酒を酒で例えるのはトリッキー過ぎるけど、「形から入る」のが好きなタイプの人にとっては、この「酒場感」に浸れるというのが大きい。

サントリーが提供する公式アルミタンブラーも味があっていい。

中身が見えないというのが、しつこいようだが「酒場感」をより高めてくれる。
何が入ってるのかよく分からない酒を飲んで大人ぶっている、あの感覚。
だけど中身はもちろんレモンサワー。
アルミ素材がキレのある冷たさを最後までキープする。
飲みやすくてほどよい刺激。若者の好みにフィットしつつ、酒場仙人のような初老紳士が片手にしてもしっくりくるタンブラー。
レモンサワーが持つ「トーン」と絶妙にマッチしているデザインも魅力。

やっぱりレサワ。

「レモン」ってワードそれ自体が、若者風に言うと「刺さる」。
料理のサブタイトルに「瀬戸内レモン風味」と添えるだけで美味しさが倍掛けになる。レモン味に外れはないという無敗神話。
居酒屋のサワー系メニューで、ピーチやらカルピスやらのフレーバーが並ぶが、レモンをそのひとつとして扱うのは、レモンの持つポテンシャルの無駄遣い、とでも言うかのごとく「レモンサワー」を独立した酒としてブランド化させたアイディアが偉大。
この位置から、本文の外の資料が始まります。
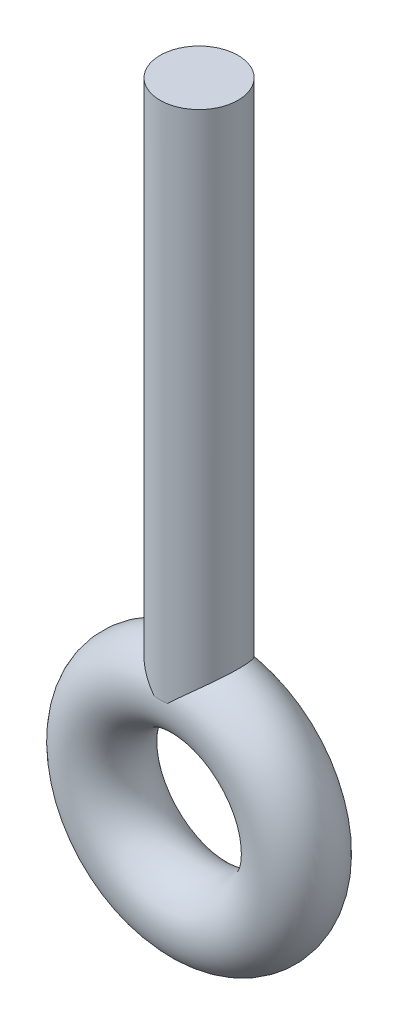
ISO-10303-21;
HEADER;
FILE_DESCRIPTION(('STEP AP214'),'2;1');
FILE_NAME('part.step','',(''),(''),'','','');
FILE_SCHEMA(('AUTOMOTIVE_DESIGN { 1 0 10303 214 1 1 1 1 }'));
ENDSEC;
DATA;
#1=APPLICATION_CONTEXT('core data for automotive mechanical design processes');
#2=APPLICATION_PROTOCOL_DEFINITION('international standard','automotive_design',2000,#1);
#3=PRODUCT_CONTEXT('',#1,'mechanical');
#4=PRODUCT('Part','Part','',(#3));
#5=PRODUCT_RELATED_PRODUCT_CATEGORY('part','',(#4));
#6=PRODUCT_DEFINITION_FORMATION('','',#4);
#7=PRODUCT_DEFINITION_CONTEXT('part definition',#1,'design');
#8=PRODUCT_DEFINITION('design','',#6,#7);
#9=PRODUCT_DEFINITION_SHAPE('','',#8);
#10=(LENGTH_UNIT() NAMED_UNIT(*) SI_UNIT(.MILLI.,.METRE.));
#11=(NAMED_UNIT(*) PLANE_ANGLE_UNIT() SI_UNIT($,.RADIAN.));
#12=(NAMED_UNIT(*) SI_UNIT($,.STERADIAN.) SOLID_ANGLE_UNIT());
#13=UNCERTAINTY_MEASURE_WITH_UNIT(LENGTH_MEASURE(1.E-05),#10,'distance_accuracy_value','');
#14=(GEOMETRIC_REPRESENTATION_CONTEXT(3) GLOBAL_UNCERTAINTY_ASSIGNED_CONTEXT((#13)) GLOBAL_UNIT_ASSIGNED_CONTEXT((#10,
#11,#12)) REPRESENTATION_CONTEXT('',''));
#15=CARTESIAN_POINT('',(0.,0.,0.));
#16=DIRECTION('',(0.,0.,1.));
#17=DIRECTION('',(1.,0.,0.));
#18=AXIS2_PLACEMENT_3D('',#15,#16,#17);
#19=CARTESIAN_POINT('',(0.,8.,0.));
#20=DIRECTION('',(0.,1.,0.));
#21=DIRECTION('',(0.,0.,1.));
#22=AXIS2_PLACEMENT_3D('',#19,#20,#21);
#23=PLANE('',#22);
#24=CARTESIAN_POINT('',(0.,8.,2.95803989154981));
#25=CARTESIAN_POINT('',(-0.247460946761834,8.,2.95804711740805));
#26=CARTESIAN_POINT('',(-0.49492265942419,8.,2.95616386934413));
#27=CARTESIAN_POINT('',(-0.989773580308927,8.,2.94788561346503));
#28=CARTESIAN_POINT('',(-1.23716279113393,8.,2.94149079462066));
#29=CARTESIAN_POINT('',(-1.60776807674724,8.,2.92679903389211));
#30=CARTESIAN_POINT('',(-1.731082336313,8.,2.92106134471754));
#31=CARTESIAN_POINT('',(-1.97758381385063,8.,2.90746047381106));
#32=CARTESIAN_POINT('',(-2.10077103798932,8.,2.89959740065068));
#33=CARTESIAN_POINT('',(-2.46998876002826,8.,2.87212468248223));
#34=CARTESIAN_POINT('',(-2.71577107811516,8.,2.84862845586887));
#35=CARTESIAN_POINT('',(-3.12136668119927,8.,2.79714191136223));
#36=CARTESIAN_POINT('',(-3.28172002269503,8.,2.77346517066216));
#37=CARTESIAN_POINT('',(-3.60098801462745,8.,2.71792496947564));
#38=CARTESIAN_POINT('',(-3.75990307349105,8.,2.68606391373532));
#39=CARTESIAN_POINT('',(-4.07526568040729,8.,2.61236064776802));
#40=CARTESIAN_POINT('',(-4.23171575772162,8.,2.57052948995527));
#41=CARTESIAN_POINT('',(-4.54085538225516,8.,2.47487456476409));
#42=CARTESIAN_POINT('',(-4.69354717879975,8.,2.42105817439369));
#43=CARTESIAN_POINT('',(-5.02114932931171,8.,2.28793160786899));
#44=CARTESIAN_POINT('',(-5.19492044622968,8.,2.20574311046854));
#45=CARTESIAN_POINT('',(-5.52939647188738,8.,2.01780762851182));
#46=CARTESIAN_POINT('',(-5.69011477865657,8.,1.91208522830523));
#47=CARTESIAN_POINT('',(-5.95753271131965,8.,1.70059309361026));
#48=CARTESIAN_POINT('',(-6.06831082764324,8.,1.60002476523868));
#49=CARTESIAN_POINT('',(-6.27238605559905,8.,1.38240612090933));
#50=CARTESIAN_POINT('',(-6.36570690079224,8.,1.26537856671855));
#51=CARTESIAN_POINT('',(-6.51329983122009,8.,1.04010634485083));
#52=CARTESIAN_POINT('',(-6.57163288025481,8.,0.934533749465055));
#53=CARTESIAN_POINT('',(-6.67002120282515,8.,0.715134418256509));
#54=CARTESIAN_POINT('',(-6.71008623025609,8.,0.601312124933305));
#55=CARTESIAN_POINT('',(-6.7694642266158,8.,0.367665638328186));
#56=CARTESIAN_POINT('',(-6.78866633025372,8.,0.247812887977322));
#57=CARTESIAN_POINT('',(-6.80446971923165,8.,0.00662180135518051));
#58=CARTESIAN_POINT('',(-6.80107644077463,8.,-0.114716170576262));
#59=CARTESIAN_POINT('',(-6.77326925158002,8.,-0.344084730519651));
#60=CARTESIAN_POINT('',(-6.75072472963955,8.,-0.452349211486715));
#61=CARTESIAN_POINT('',(-6.68849017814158,8.,-0.663777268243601));
#62=CARTESIAN_POINT('',(-6.64880041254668,8.,-0.766940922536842));
#63=CARTESIAN_POINT('',(-6.55241367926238,8.,-0.970289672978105));
#64=CARTESIAN_POINT('',(-6.49506970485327,8.,-1.07016536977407));
#65=CARTESIAN_POINT('',(-6.36682471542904,8.,-1.26077000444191));
#66=CARTESIAN_POINT('',(-6.29591319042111,8.,-1.35149176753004));
#67=CARTESIAN_POINT('',(-6.10249444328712,8.,-1.5689667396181));
#68=CARTESIAN_POINT('',(-5.97262185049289,8.,-1.68917707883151));
#69=CARTESIAN_POINT('',(-5.69547750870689,8.,-1.90730054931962));
#70=CARTESIAN_POINT('',(-5.54817808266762,8.,-2.00517746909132));
#71=CARTESIAN_POINT('',(-5.27463351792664,8.,-2.16223273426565));
#72=CARTESIAN_POINT('',(-5.1505221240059,8.,-2.22521772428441));
#73=CARTESIAN_POINT('',(-4.89720959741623,8.,-2.34010688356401));
#74=CARTESIAN_POINT('',(-4.76800491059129,8.,-2.39200314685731));
#75=CARTESIAN_POINT('',(-4.50575508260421,8.,-2.48618961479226));
#76=CARTESIAN_POINT('',(-4.37269965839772,8.,-2.52845077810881));
#77=CARTESIAN_POINT('',(-4.10430734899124,8.,-2.60450190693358));
#78=CARTESIAN_POINT('',(-3.96897180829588,8.,-2.6382966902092));
#79=CARTESIAN_POINT('',(-3.60023653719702,8.,-2.72014870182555));
#80=CARTESIAN_POINT('',(-3.36532021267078,8.,-2.76133707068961));
#81=CARTESIAN_POINT('',(-2.89325855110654,8.,-2.82842060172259));
#82=CARTESIAN_POINT('',(-2.65611139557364,8.,-2.85430194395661));
#83=CARTESIAN_POINT('',(-2.18011166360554,8.,-2.89539352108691));
#84=CARTESIAN_POINT('',(-1.94125602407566,8.,-2.91056627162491));
#85=CARTESIAN_POINT('',(-1.46330724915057,8.,-2.93368425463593));
#86=CARTESIAN_POINT('',(-1.22421421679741,8.,-2.94163184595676));
#87=CARTESIAN_POINT('',(-0.743847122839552,8.,-2.9527968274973));
#88=CARTESIAN_POINT('',(-0.502572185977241,8.,-2.95597245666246));
#89=CARTESIAN_POINT('',(-0.0199792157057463,8.,-2.95865902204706));
#90=CARTESIAN_POINT('',(0.221338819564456,8.,-2.95816957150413));
#91=CARTESIAN_POINT('',(0.70344713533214,8.,-2.95333444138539));
#92=CARTESIAN_POINT('',(0.944237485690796,8.,-2.94899665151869));
#93=CARTESIAN_POINT('',(1.42564383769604,8.,-2.93491469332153));
#94=CARTESIAN_POINT('',(1.66625985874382,8.,-2.92517126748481));
#95=CARTESIAN_POINT('',(2.14569930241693,8.,-2.89752531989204));
#96=CARTESIAN_POINT('',(2.38452518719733,8.,-2.8796690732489));
#97=CARTESIAN_POINT('',(2.86124761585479,8.,-2.83187784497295));
#98=CARTESIAN_POINT('',(3.09914322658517,8.,-2.80193287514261));
#99=CARTESIAN_POINT('',(3.56967012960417,8.,-2.72542663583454));
#100=CARTESIAN_POINT('',(3.8023305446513,8.,-2.67905220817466));
#101=CARTESIAN_POINT('',(4.26192487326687,8.,-2.56393752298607));
#102=CARTESIAN_POINT('',(4.48886813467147,8.,-2.49523672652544));
#103=CARTESIAN_POINT('',(4.86544771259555,8.,-2.35392675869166));
#104=CARTESIAN_POINT('',(5.01782302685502,8.,-2.2886947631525));
#105=CARTESIAN_POINT('',(5.31488130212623,8.,-2.14151619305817));
#106=CARTESIAN_POINT('',(5.45954577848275,8.,-2.05953154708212));
#107=CARTESIAN_POINT('',(5.73784718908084,8.,-1.8759752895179));
#108=CARTESIAN_POINT('',(5.87138064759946,8.,-1.77424407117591));
#109=CARTESIAN_POINT('',(6.11992064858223,8.,-1.55023382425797));
#110=CARTESIAN_POINT('',(6.23496748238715,8.,-1.42800070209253));
#111=CARTESIAN_POINT('',(6.41264946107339,8.,-1.19761963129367));
#112=CARTESIAN_POINT('',(6.4811444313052,8.,-1.09400485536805));
#113=CARTESIAN_POINT('',(6.60039535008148,8.,-0.87693884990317));
#114=CARTESIAN_POINT('',(6.65115958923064,8.,-0.76349224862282));
#115=CARTESIAN_POINT('',(6.73197157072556,8.,-0.528491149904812));
#116=CARTESIAN_POINT('',(6.76187746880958,8.,-0.406887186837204));
#117=CARTESIAN_POINT('',(6.79808596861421,8.,-0.160207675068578));
#118=CARTESIAN_POINT('',(6.80440053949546,8.,-0.0351339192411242));
#119=CARTESIAN_POINT('',(6.79356008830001,8.,0.200775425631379));
#120=CARTESIAN_POINT('',(6.77879605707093,8.,0.311729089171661));
#121=CARTESIAN_POINT('',(6.73097486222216,8.,0.529580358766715));
#122=CARTESIAN_POINT('',(6.69791817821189,8.,0.636478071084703));
#123=CARTESIAN_POINT('',(6.6150792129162,8.,0.844632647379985));
#124=CARTESIAN_POINT('',(6.56514823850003,8.,0.945829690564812));
#125=CARTESIAN_POINT('',(6.45116096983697,8.,1.13988097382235));
#126=CARTESIAN_POINT('',(6.38709704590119,8.,1.23273066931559));
#127=CARTESIAN_POINT('',(6.21446603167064,8.,1.45085834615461));
#128=CARTESIAN_POINT('',(6.09915290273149,8.,1.57080194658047));
#129=CARTESIAN_POINT('',(5.85077918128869,8.,1.79061235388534));
#130=CARTESIAN_POINT('',(5.71768391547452,8.,1.89043895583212));
#131=CARTESIAN_POINT('',(5.47280767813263,8.,2.04974334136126));
#132=CARTESIAN_POINT('',(5.36353175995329,8.,2.11316288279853));
#133=CARTESIAN_POINT('',(5.13979135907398,8.,2.23018643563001));
#134=CARTESIAN_POINT('',(5.02532374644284,8.,2.28378442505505));
#135=CARTESIAN_POINT('',(4.79250469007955,8.,2.38222673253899));
#136=CARTESIAN_POINT('',(4.67414714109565,8.,2.42705643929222));
#137=CARTESIAN_POINT('',(4.43483223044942,8.,2.50888202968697));
#138=CARTESIAN_POINT('',(4.31387580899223,8.,2.54588069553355));
#139=CARTESIAN_POINT('',(4.02321226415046,8.,2.62599579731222));
#140=CARTESIAN_POINT('',(3.8526491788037,8.,2.66599136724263));
#141=CARTESIAN_POINT('',(3.50934978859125,8.,2.73539836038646));
#142=CARTESIAN_POINT('',(3.33661230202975,8.,2.76480374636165));
#143=CARTESIAN_POINT('',(2.98953899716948,8.,2.81524361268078));
#144=CARTESIAN_POINT('',(2.81520039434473,8.,2.83625844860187));
#145=CARTESIAN_POINT('',(2.46591102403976,8.,2.8717230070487));
#146=CARTESIAN_POINT('',(2.29096036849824,8.,2.88617387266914));
#147=CARTESIAN_POINT('',(1.93972593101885,8.,2.91019183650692));
#148=CARTESIAN_POINT('',(1.76344027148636,8.,2.91973034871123));
#149=CARTESIAN_POINT('',(1.41071151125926,8.,2.93510926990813));
#150=CARTESIAN_POINT('',(1.23426840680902,8.,2.94094958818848));
#151=CARTESIAN_POINT('',(0.881533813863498,8.,2.94989268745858));
#152=CARTESIAN_POINT('',(0.705242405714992,8.,2.9529988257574));
#153=CARTESIAN_POINT('',(0.352634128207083,8.,2.95706986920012));
#154=CARTESIAN_POINT('',(0.176317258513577,8.,2.95803474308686));
#155=CARTESIAN_POINT('',(0.,8.,2.95803989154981));
#156=B_SPLINE_CURVE_WITH_KNOTS('',3,(#24,#25,#26,#27,#28,#29,#30,#31,#32,#33,#34,#35,#36,#37,
#38,#39,#40,#41,#42,#43,#44,#45,#46,#47,#48,#49,#50,#51,#52,#53,#54,#55,#56,#57,#58,#59,#60,#61,
#62,#63,#64,#65,#66,#67,#68,#69,#70,#71,#72,#73,#74,#75,#76,#77,#78,#79,#80,#81,#82,#83,#84,#85,
#86,#87,#88,#89,#90,#91,#92,#93,#94,#95,#96,#97,#98,#99,#100,#101,#102,#103,#104,#105,#106,#107,
#108,#109,#110,#111,#112,#113,#114,#115,#116,#117,#118,#119,#120,#121,#122,#123,#124,#125,#126,
#127,#128,#129,#130,#131,#132,#133,#134,#135,#136,#137,#138,#139,#140,#141,#142,#143,#144,#145,
#146,#147,#148,#149,#150,#151,#152,#153,#154,#155),.UNSPECIFIED.,.T.,.F.,(4,2,2,2,2,2,2,2,2,2,2,
2,2,2,2,2,2,2,2,2,2,2,2,2,2,2,2,2,2,2,2,2,2,2,2,2,2,2,2,2,2,2,2,2,2,2,2,2,2,2,2,2,2,2,2,2,2,2,2,
2,2,2,2,2,2,4),(0.,0.742377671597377,1.48472424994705,1.85504950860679,2.22535585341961,
2.96568123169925,3.45179511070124,3.93776632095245,4.42320129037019,4.90833829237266,
5.48356135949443,6.05818632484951,6.50548354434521,6.95216816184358,7.31254439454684,
7.67272798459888,8.03481636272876,8.39681762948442,8.72707505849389,9.05732740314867,
9.40151600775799,9.7459723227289,10.2738794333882,10.8026365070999,11.2195910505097,
11.6368418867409,12.0553342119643,12.4735878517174,13.1882955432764,13.9036475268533,
14.621491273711,15.3391005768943,16.0629540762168,16.7868839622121,17.5093330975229,
18.2316830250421,18.9499634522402,19.668838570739,20.3797877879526,21.0894872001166,
21.5859374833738,22.0835287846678,22.5853233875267,23.0860090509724,23.457203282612,
23.8282237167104,24.2017432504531,24.5750732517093,24.9092659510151,25.2434498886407,
25.5806588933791,25.9180503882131,26.4144159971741,26.911763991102,27.2902853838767,
27.6690380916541,28.0484166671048,28.427660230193,28.9527782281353,29.4781951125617,
30.0048350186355,30.5313831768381,31.0609617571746,31.590553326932,32.1194936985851,
32.6484417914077),.UNSPECIFIED.);
#157=CARTESIAN_POINT('',(-0.516666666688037,8.,-2.95517436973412));
#158=VERTEX_POINT('',#157);
#159=CARTESIAN_POINT('',(0.516666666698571,8.,-2.95517436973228));
#160=VERTEX_POINT('',#159);
#161=EDGE_CURVE('E11',#158,#160,#156,.T.);
#162=ORIENTED_EDGE('',*,*,#161,.F.);
#163=CARTESIAN_POINT('',(0.,8.,0.));
#164=DIRECTION('',(0.,1.,0.));
#165=DIRECTION('',(0.,0.,1.));
#166=AXIS2_PLACEMENT_3D('',#163,#164,#165);
#167=CIRCLE('',#166,3.);
#168=EDGE_CURVE('E85',#160,#158,#167,.T.);
#169=ORIENTED_EDGE('',*,*,#168,.F.);
#170=EDGE_LOOP('',(#162,#169));
#171=FACE_BOUND('',#170,.T.);
#172=ADVANCED_FACE('F37',(#171),#23,.F.);
#173=CARTESIAN_POINT('',(0.,48.,0.));
#174=DIRECTION('',(0.,-1.,0.));
#175=DIRECTION('',(0.,0.,-1.));
#176=AXIS2_PLACEMENT_3D('',#173,#174,#175);
#177=CYLINDRICAL_SURFACE('',#176,3.);
#178=CARTESIAN_POINT('',(0.516453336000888,7.99980000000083,-2.95521165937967));
#179=CARTESIAN_POINT('',(0.608004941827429,8.08563367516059,-2.93919241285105));
#180=CARTESIAN_POINT('',(0.699806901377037,8.17031465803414,-2.9187792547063));
#181=CARTESIAN_POINT('',(0.883410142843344,8.33715369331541,-2.86857108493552));
#182=CARTESIAN_POINT('',(0.975211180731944,8.41930741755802,-2.83876086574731));
#183=CARTESIAN_POINT('',(1.25073421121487,8.66240561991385,-2.73393456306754));
#184=CARTESIAN_POINT('',(1.43322654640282,8.81872902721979,-2.64373825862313));
#185=CARTESIAN_POINT('',(1.74150824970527,9.07661492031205,-2.44779812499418));
#186=CARTESIAN_POINT('',(1.87008404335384,9.182108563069,-2.3515495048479));
#187=CARTESIAN_POINT('',(2.11493421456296,9.37996427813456,-2.13394159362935));
#188=CARTESIAN_POINT('',(2.23125118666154,9.47237223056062,-2.01267389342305));
#189=CARTESIAN_POINT('',(2.42810748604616,9.62686718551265,-1.76769344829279));
#190=CARTESIAN_POINT('',(2.51137936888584,9.69144089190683,-1.64774749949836));
#191=CARTESIAN_POINT('',(2.66170556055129,9.80708592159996,-1.391856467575));
#192=CARTESIAN_POINT('',(2.72875620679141,9.85815419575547,-1.25590778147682));
#193=CARTESIAN_POINT('',(2.81431400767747,9.92296224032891,-1.04193621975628));
#194=CARTESIAN_POINT('',(2.84040225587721,9.94265263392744,-0.968631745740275));
#195=CARTESIAN_POINT('',(2.88701602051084,9.97775269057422,-0.819294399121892));
#196=CARTESIAN_POINT('',(2.9075442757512,9.99316446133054,-0.743262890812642));
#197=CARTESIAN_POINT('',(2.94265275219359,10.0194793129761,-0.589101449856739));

そして「こだわり酒場のレモンサワー」がこだわった本物のレモン感。
レモンを丸ごと漬け込んだ浸漬酒がベースだそうで、レモンの香りがしっかり。甘さも控えめなので、食事にも合わせやすい。
それにレモンはなんといっても酸味という「分かりやすい刺激」がある。
更に炭酸をプラスするのだから、シャープな刺激のアンサンブルに観客総立ち。

「酒場感」と「レモン感」の両輪がハイケイデンスでフル稼働しているこのスピード感に乗っかれば若者文化に染まれるんじゃないかと、昭和生まれの私は酸っぱい夢を見たい。